Joke to Juno Temple that she has to do an entire interview in the voice of Dot Lyon—the fiercely competent housewife she plays in the electric fifth season of Fargo—and she will not miss a beat. “Okay,” the actor says on this week’s Little Gold Men (listen below), elongating the “O” like a proper Minnesotan. “I had this great cheat sheet for a collection of words that would get you back into the accent. One that will stay with me probably forever was ‘Barb’s large apartment.’”
The accent, of course, is only part of what makes Dot one of this TV season’s most compelling characters. The central character in this installment of Noah Hawley’s anthology is a seemingly normal suburban mom with a dark secret: She’s actually on the run from imperious North Dakota sheriff Roy Tillman, a sadist with a god complex who forcibly wed Dot (then called Nadine) when she was just a teenager.
Dot managed to escape Roy 10 years before the events of the series, drawing on survival skills she learned during her hardscrabble, ultrareligious upbringing—skills she has to break out again when her new family is targeted by a variety of foes. She’s fast, she’s scrappy, she can make a weapon out of anything—oh, and she can whip up a mean pile of pancakes too. “Bisquick did a Fargo limited-edition powder,” Temple marvels. “And they had a recipe for ‘Dot’s Biscuits’ on the back. I was like, Oh my god, that’s really cool.”
Read or listen on for Temple’s take on entering the Fargo universe, acting opposite heavyweights like Jennifer Jason Leigh and Jon Hamm, and her interpretation of season five’s enigmatic ending.
Vanity Fair: There was a period where Fargo and Ted Lasso were overlapping, and you had to switch back and forth between Dot and Keeley on a dime. How was that experience?

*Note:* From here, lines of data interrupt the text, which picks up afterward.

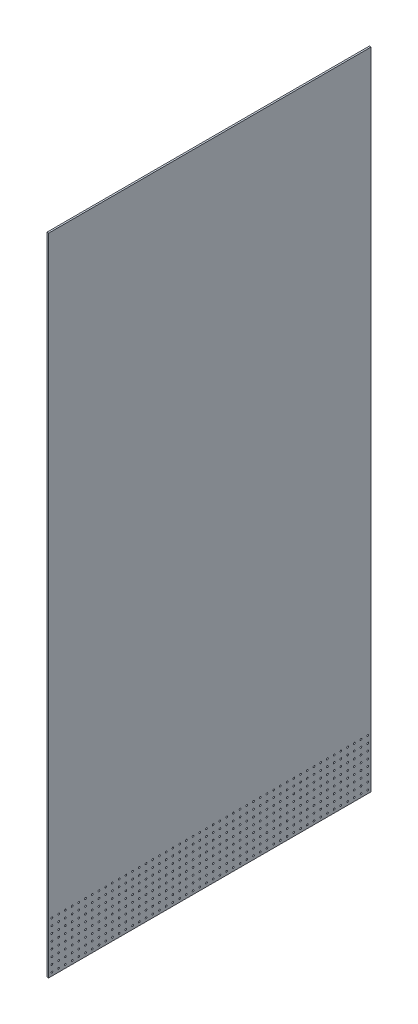
from build123d import *

# Parameters (mm, degrees)
INITIAL_HOLE_W      = 2438.4
INITIAL_HOLE_H      = 1219.2
INITIAL_HOLE_R      = 3.175
BOSS_EXTRUDE1_DEPTH = 6.35


with BuildPart() as part:
    # Initial hole → Boss-Extrude1 (new body)
    with BuildSketch(Plane.YZ):
        Rectangle(INITIAL_HOLE_W, INITIAL_HOLE_H)
        with Locations(Location((-1206.5, 596.9, 0), (0, 0, 270))):
            Circle(INITIAL_HOLE_R, mode=Mode.SUBTRACT)
        with Locations(Location((-1181.1, 596.9, 0), (0, 0, 270))):
            Circle(INITIAL_HOLE_R, mode=Mode.SUBTRACT)
        with Locations(Location((-1155.7, 596.9, 0), (0, 0, 270))):
            Circle(INITIAL_HOLE_R, mode=Mode.SUBTRACT)
        with Locations(Location((-1130.3, 596.9, 0), (0, 0, 270))):
            Circle(INITIAL_HOLE_R, mode=Mode.SUBTRACT)
        with Locations(Location((-1104.9, 596.9, 0), (0, 0, 270))):
            Circle(INITIAL_HOLE_R, mode=Mode.SUBTRACT)
        with Locations(Location((-1079.5, 596.9, 0), (0, 0, 270))):
            Circle(INITIAL_HOLE_R, mode=Mode.SUBTRACT)
        with Locations(Location((-1054.1, 596.9, 0), (0, 0, 270))):
            Circle(INITIAL_HOLE_R, mode=Mode.SUBTRACT)
        with Locations(Location((-1028.7, 596.9, 0), (0, 0, 270))):
            Circle(INITIAL_HOLE_R, mode=Mode.SUBTRACT)
        with Locations(Location((-1181.1, 571.5, 0), (0, 0, 270))):
            Circle(INITIAL_HOLE_R, mode=Mode.SUBTRACT)
        with Locations(Location((-1155.7, 571.5, 0), (0, 0, 270))):
            Circle(INITIAL_HOLE_R, mode=Mode.SUBTRACT)
        with Locations(Location((-1130.3, 571.5, 0), (0, 0, 270))):
            Circle(INITIAL_HOLE_R, mode=Mode.SUBTRACT)
        with Locations(Location((-1104.9, 571.5, 0), (0, 0, 270))):
            Circle(INITIAL_HOLE_R, mode=Mode.SUBTRACT)
        with Locations(Location((-1079.5, 571.5, 0), (0, 0, 270))):
            Circle(INITIAL_HOLE_R, mode=Mode.SUBTRACT)
        with Locations(Location((-1054.1, 571.5, 0), (0, 0, 270))):
            Circle(INITIAL_HOLE_R, mode=Mode.SUBTRACT)
        with Locations(Location((-1028.7, 571.5, 0), (0, 0, 270))):
            Circle(INITIAL_HOLE_R, mode=Mode.SUBTRACT)
        with Locations(Location((-1181.1, 546.1, 0), (0, 0, 270))):
            Circle(INITIAL_HOLE_R, mode=Mode.SUBTRACT)
        with Locations(Location((-1155.7, 546.1, 0), (0, 0, 270))):
            Circle(INITIAL_HOLE_R, mode=Mode.SUBTRACT)
        with Locations(Location((-1130.3, 546.1, 0), (0, 0, 270))):
            Circle(INITIAL_HOLE_R, mode=Mode.SUBTRACT)
        with Locations(Location((-1104.9, 546.1, 0), (0, 0, 270))):
            Circle(INITIAL_HOLE_R, mode=Mode.SUBTRACT)
        with Locations(Location((-1079.5, 546.1, 0), (0, 0, 270))):
            Circle(INITIAL_HOLE_R, mode=Mode.SUBTRACT)
        with Locations(Location((-1054.1, 546.1, 0), (0, 0, 270))):
            Circle(INITIAL_HOLE_R, mode=Mode.SUBTRACT)
        with Locations(Location((-1028.7, 546.1, 0), (0, 0, 270))):
            Circle(INITIAL_HOLE_R, mode=Mode.SUBTRACT)
        with Locations(Location((-1181.1, 520.7, 0), (0, 0, 270))):
            Circle(INITIAL_HOLE_R, mode=Mode.SUBTRACT)
        with Locations(Location((-1155.7, 520.7, 0), (0, 0, 270))):
            Circle(INITIAL_HOLE_R, mode=Mode.SUBTRACT)
        with Locations(Location((-1130.3, 520.7, 0), (0, 0, 270))):
            Circle(INITIAL_HOLE_R, mode=Mode.SUBTRACT)
        with Locations(Location((-1104.9, 520.7, 0), (0, 0, 270))):
            Circle(INITIAL_HOLE_R, mode=Mode.SUBTRACT)
        with Locations(Location((-1079.5, 520.7, 0), (0, 0, 270))):
            Circle(INITIAL_HOLE_R, mode=Mode.SUBTRACT)
        with Locations(Location((-1054.1, 520.7, 0), (0, 0, 270))):
            Circle(INITIAL_HOLE_R, mode=Mode.SUBTRACT)
        with Locations(Location((-1028.7, 520.7, 0), (0, 0, 270))):
            Circle(INITIAL_HOLE_R, mode=Mode.SUBTRACT)
        with Locations(Location((-1181.1, 495.3, 0), (0, 0, 270))):
            Circle(INITIAL_HOLE_R, mode=Mode.SUBTRACT)
        with Locations(Location((-1155.7, 495.3, 0), (0, 0, 270))):
            Circle(INITIAL_HOLE_R, mode=Mode.SUBTRACT)
        with Locations(Location((-1130.3, 495.3, 0), (0, 0, 270))):
            Circle(INITIAL_HOLE_R, mode=Mode.SUBTRACT)
        with Locations(Location((-1104.9, 495.3, 0), (0, 0, 270))):
            Circle(INITIAL_HOLE_R, mode=Mode.SUBTRACT)
        with Locations(Location((-1079.5, 495.3, 0), (0, 0, 270))):
            Circle(INITIAL_HOLE_R, mode=Mode.SUBTRACT)
        with Locations(Location((-1054.1, 495.3, 0), (0, 0, 270))):
            Circle(INITIAL_HOLE_R, mode=Mode.SUBTRACT)
        with Locations(Location((-1028.7, 495.3, 0), (0, 0, 270))):
            Circle(INITIAL_HOLE_R, mode=Mode.SUBTRACT)
        with Locations(Location((-1181.1, 469.9, 0), (0, 0, 270))):
            Circle(INITIAL_HOLE_R, mode=Mode.SUBTRACT)
        with Locations(Location((-1155.7, 469.9, 0), (0, 0, 270))):
            Circle(INITIAL_HOLE_R, mode=Mode.SUBTRACT)
        with Locations(Location((-1130.3, 469.9, 0), (0, 0, 270))):
            Circle(INITIAL_HOLE_R, mode=Mode.SUBTRACT)
        with Locations(Location((-1104.9, 469.9, 0), (0, 0, 270))):
            Circle(INITIAL_HOLE_R, mode=Mode.SUBTRACT)
        with Locations(Location((-1079.5, 469.9, 0), (0, 0, 270))):
            Circle(INITIAL_HOLE_R, mode=Mode.SUBTRACT)
        with Locations(Location((-1054.1, 469.9, 0), (0, 0, 270))):
            Circle(INITIAL_HOLE_R, mode=Mode.SUBTRACT)
        with Locations(Location((-1028.7, 469.9, 0), (0, 0, 270))):
            Circle(INITIAL_HOLE_R, mode=Mode.SUBTRACT)
        with Locations(Location((-1181.1, 444.5, 0), (0, 0, 270))):
            Circle(INITIAL_HOLE_R, mode=Mode.SUBTRACT)
        with Locations(Location((-1155.7, 444.5, 0), (0, 0, 270))):
            Circle(INITIAL_HOLE_R, mode=Mode.SUBTRACT)
        with Locations(Location((-1130.3, 444.5, 0), (0, 0, 270))):
            Circle(INITIAL_HOLE_R, mode=Mode.SUBTRACT)
        with Locations(Location((-1104.9, 444.5, 0), (0, 0, 270))):
            Circle(INITIAL_HOLE_R, mode=Mode.SUBTRACT)
        with Locations(Location((-1079.5, 444.5, 0), (0, 0, 270))):
            Circle(INITIAL_HOLE_R, mode=Mode.SUBTRACT)
        with Locations(Location((-1054.1, 444.5, 0), (0, 0, 270))):
            Circle(INITIAL_HOLE_R, mode=Mode.SUBTRACT)
        with Locations(Location((-1028.7, 444.5, 0), (0, 0, 270))):
            Circle(INITIAL_HOLE_R, mode=Mode.SUBTRACT)
        with Locations(Location((-1181.1, 419.1, 0), (0, 0, 270))):
            Circle(INITIAL_HOLE_R, mode=Mode.SUBTRACT)
        with Locations(Location((-1155.7, 419.1, 0), (0, 0, 270))):
            Circle(INITIAL_HOLE_R, mode=Mode.SUBTRACT)
        with Locations(Location((-1130.3, 419.1, 0), (0, 0, 270))):
            Circle(INITIAL_HOLE_R, mode=Mode.SUBTRACT)
        with Locations(Location((-1104.9, 419.1, 0), (0, 0, 270))):
            Circle(INITIAL_HOLE_R, mode=Mode.SUBTRACT)
        with Locations(Location((-1079.5, 419.1, 0), (0, 0, 270))):
            Circle(INITIAL_HOLE_R, mode=Mode.SUBTRACT)
        with Locations(Location((-1054.1, 419.1, 0), (0, 0, 270))):
            Circle(INITIAL_HOLE_R, mode=Mode.SUBTRACT)
        with Locations(Location((-1028.7, 419.1, 0), (0, 0, 270))):
            Circle(INITIAL_HOLE_R, mode=Mode.SUBTRACT)
        with Locations(Location((-1206.5, 571.5, 0), (0, 0, 270))):
            Circle(INITIAL_HOLE_R, mode=Mode.SUBTRACT)
        with Locations(Location((-1206.5, 546.1, 0), (0, 0, 270))):
            Circle(INITIAL_HOLE_R, mode=Mode.SUBTRACT)
        with Locations(Location((-1206.5, 520.7, 0), (0, 0, 270))):
            Circle(INITIAL_HOLE_R, mode=Mode.SUBTRACT)
        with Locations(Location((-1206.5, 495.3, 0), (0, 0, 270))):
            Circle(INITIAL_HOLE_R, mode=Mode.SUBTRACT)
        with Locations(Location((-1206.5, 469.9, 0), (0, 0, 270))):
            Circle(INITIAL_HOLE_R, mode=Mode.SUBTRACT)
        with Locations(Location((-1206.5, 444.5, 0), (0, 0, 270))):
            Circle(INITIAL_HOLE_R, mode=Mode.SUBTRACT)
        with Locations(Location((-1206.5, 419.1, 0), (0, 0, 270))):
            Circle(INITIAL_HOLE_R, mode=Mode.SUBTRACT)
        with Locations(Location((-1206.5, 393.7, 0), (0, 0, 270))):
            Circle(INITIAL_HOLE_R, mode=Mode.SUBTRACT)
        with Locations(Location((-1181.1, 393.7, 0), (0, 0, 270))):
            Circle(INITIAL_HOLE_R, mode=Mode.SUBTRACT)
        with Locations(Location((-1155.7, 393.7, 0), (0, 0, 270))):
            Circle(INITIAL_HOLE_R, mode=Mode.SUBTRACT)
        with Locations(Location((-1130.3, 393.7, 0), (0, 0, 270))):
            Circle(INITIAL_HOLE_R, mode=Mode.SUBTRACT)
        with Locations(Location((-1104.9, 393.7, 0), (0, 0, 270))):
            Circle(INITIAL_HOLE_R, mode=Mode.SUBTRACT)
        with Locations(Location((-1079.5, 393.7, 0), (0, 0, 270))):
            Circle(INITIAL_HOLE_R, mode=Mode.SUBTRACT)
        with Locations(Location((-1054.1, 393.7, 0), (0, 0, 270))):
            Circle(INITIAL_HOLE_R, mode=Mode.SUBTRACT)
        with Locations(Location((-1028.7, 393.7, 0), (0, 0, 270))):
            Circle(INITIAL_HOLE_R, mode=Mode.SUBTRACT)
        with Locations(Location((-1206.5, 368.3, 0), (0, 0, 270))):
            Circle(INITIAL_HOLE_R, mode=Mode.SUBTRACT)
        with Locations(Location((-1181.1, 368.3, 0), (0, 0, 270))):
            Circle(INITIAL_HOLE_R, mode=Mode.SUBTRACT)
        with Locations(Location((-1155.7, 368.3, 0), (0, 0, 270))):
            Circle(INITIAL_HOLE_R, mode=Mode.SUBTRACT)
        with Locations(Location((-1130.3, 368.3, 0), (0, 0, 270))):
            Circle(INITIAL_HOLE_R, mode=Mode.SUBTRACT)
        with Locations(Location((-1104.9, 368.3, 0), (0, 0, 270))):
            Circle(INITIAL_HOLE_R, mode=Mode.SUBTRACT)
        with Locations(Location((-1079.5, 368.3, 0), (0, 0, 270))):
            Circle(INITIAL_HOLE_R, mode=Mode.SUBTRACT)
        with Locations(Location((-1054.1, 368.3, 0), (0, 0, 270))):
            Circle(INITIAL_HOLE_R, mode=Mode.SUBTRACT)
        with Locations(Location((-1028.7, 368.3, 0), (0, 0, 270))):
            Circle(INITIAL_HOLE_R, mode=Mode.SUBTRACT)
        with Locations(Location((-1206.5, 342.9, 0), (0, 0, 270))):
            Circle(INITIAL_HOLE_R, mode=Mode.SUBTRACT)
        with Locations(Location((-1181.1, 342.9, 0), (0, 0, 270))):
            Circle(INITIAL_HOLE_R, mode=Mode.SUBTRACT)
        with Locations(Location((-1155.7, 342.9, 0), (0, 0, 270))):
            Circle(INITIAL_HOLE_R, mode=Mode.SUBTRACT)
        with Locations(Location((-1130.3, 342.9, 0), (0, 0, 270))):
            Circle(INITIAL_HOLE_R, mode=Mode.SUBTRACT)
        with Locations(Location((-1104.9, 342.9, 0), (0, 0, 270))):
            Circle(INITIAL_HOLE_R, mode=Mode.SUBTRACT)
        with Locations(Location((-1079.5, 342.9, 0), (0, 0, 270))):
            Circle(INITIAL_HOLE_R, mode=Mode.SUBTRACT)
        with Locations(Location((-1054.1, 342.9, 0), (0, 0, 270))):
            Circle(INITIAL_HOLE_R, mode=Mode.SUBTRACT)
        with Locations(Location((-1028.7, 342.9, 0), (0, 0, 270))):
            Circle(INITIAL_HOLE_R, mode=Mode.SUBTRACT)
        with Locations(Location((-1206.5, 317.5, 0), (0, 0, 270))):
            Circle(INITIAL_HOLE_R, mode=Mode.SUBTRACT)
        with Locations(Location((-1181.1, 317.5, 0), (0, 0, 270))):
            Circle(INITIAL_HOLE_R, mode=Mode.SUBTRACT)
        with Locations(Location((-1155.7, 317.5, 0), (0, 0, 270))):
            Circle(INITIAL_HOLE_R, mode=Mode.SUBTRACT)
        with Locations(Location((-1130.3, 317.5, 0), (0, 0, 270))):
            Circle(INITIAL_HOLE_R, mode=Mode.SUBTRACT)
        with Locations(Location((-1104.9, 317.5, 0), (0, 0, 270))):
            Circle(INITIAL_HOLE_R, mode=Mode.SUBTRACT)
        with Locations(Location((-1079.5, 317.5, 0), (0, 0, 270))):
            Circle(INITIAL_HOLE_R, mode=Mode.SUBTRACT)
        with Locations(Location((-1054.1, 317.5, 0), (0, 0, 270))):
            Circle(INITIAL_HOLE_R, mode=Mode.SUBTRACT)
        with Locations(Location((-1028.7, 317.5, 0), (0, 0, 270))):
            Circle(INITIAL_HOLE_R, mode=Mode.SUBTRACT)
        with Locations(Location((-1206.5, 292.1, 0), (0, 0, 270))):
            Circle(INITIAL_HOLE_R, mode=Mode.SUBTRACT)
        with Locations(Location((-1181.1, 292.1, 0), (0, 0, 270))):
            Circle(INITIAL_HOLE_R, mode=Mode.SUBTRACT)
        with Locations(Location((-1155.7, 292.1, 0), (0, 0, 270))):
            Circle(INITIAL_HOLE_R, mode=Mode.SUBTRACT)
        with Locations(Location((-1130.3, 292.1, 0), (0, 0, 270))):
            Circle(INITIAL_HOLE_R, mode=Mode.SUBTRACT)
        with Locations(Location((-1104.9, 292.1, 0), (0, 0, 270))):
            Circle(INITIAL_HOLE_R, mode=Mode.SUBTRACT)
        with Locations(Location((-1079.5, 292.1, 0), (0, 0, 270))):
            Circle(INITIAL_HOLE_R, mode=Mode.SUBTRACT)
        with Locations(Location((-1054.1, 292.1, 0), (0, 0, 270))):
            Circle(INITIAL_HOLE_R, mode=Mode.SUBTRACT)
        with Locations(Location((-1028.7, 292.1, 0), (0, 0, 270))):
            Circle(INITIAL_HOLE_R, mode=Mode.SUBTRACT)
        with Locations(Location((-1206.5, 266.7, 0), (0, 0, 270))):
            Circle(INITIAL_HOLE_R, mode=Mode.SUBTRACT)
        with Locations(Location((-1181.1, 266.7, 0), (0, 0, 270))):
            Circle(INITIAL_HOLE_R, mode=Mode.SUBTRACT)
        with Locations(Location((-1155.7, 266.7, 0), (0, 0, 270))):
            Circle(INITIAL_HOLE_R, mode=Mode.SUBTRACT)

Juno Temple: It was funny. My fiancé was like, “There’s a lot of people here”: the birth of Dot, Keeley, Juno. And I remember that my brothers, I invited them to come over and have dinner and tested out the accent on them. And they just looked at me: “Uh, how long have you got before you start?” This is the moment of panic. But yeah, I think it’s really interesting when you have characters slightly crossing over in your life.
Ted Lasso and Fargo are very different shows—but Fargo actually feels more in line with the dark and complex things that you had been doing with your career before Ted Lasso. Did doing the show feel like a return to that sort of material for you?
I didn’t think about it like that at that time. But now that you say that, I guess that makes sense. For me, it was more—I’d seen the movie, I’d seen all the previous installments of Fargo, and I just felt, wow, I’ve been asked to join something pretty historically fantastic.
There were a lot of nerves involved, and obviously unbelievable excitement. But also, she’s so complex—this duality of being a mother and a nurturer as well as a survivor and a feral fighter. So that’s a newer avenue in my life. And I’m loving it. Sienna [King], who played our daughter, Scotty, she was a real droplet of sunshine and beaming light. The same with David [Rysdahl], who played Wayne—who I think is so extraordinary in Fargo. I think he’s kind of the unsung hero in it, actually. We really created a safe space with the three of us.
We’ve talked a little bit about your accent work. What other sort of prep did you do when you were getting ready for this role? If I put you in an empty Walmart, could you make a flamethrower?
I mean, I feel like I could now, but it wasn’t something that we necessarily rehearsed. Dot, she wasn’t a slick fighter. She’s sloppy. She’s messy. She’s quick. She’s making it up on the go. And when I was reading these things, and then we got into the space and they were setting up the rigging, I was like, this is extraordinary—Noah coming up with all these really funny, but also kind of amazing ideas to create your own security system at home.
She’s very inventive.
Truly. It doesn’t quite work out, Dot’s home security line.
VF spoke to Jennifer Jason Leigh during the season, and she said that for her character, her two lodestars were her mother and William F. Buckley. Did you have anybody in mind for Dot in the same way?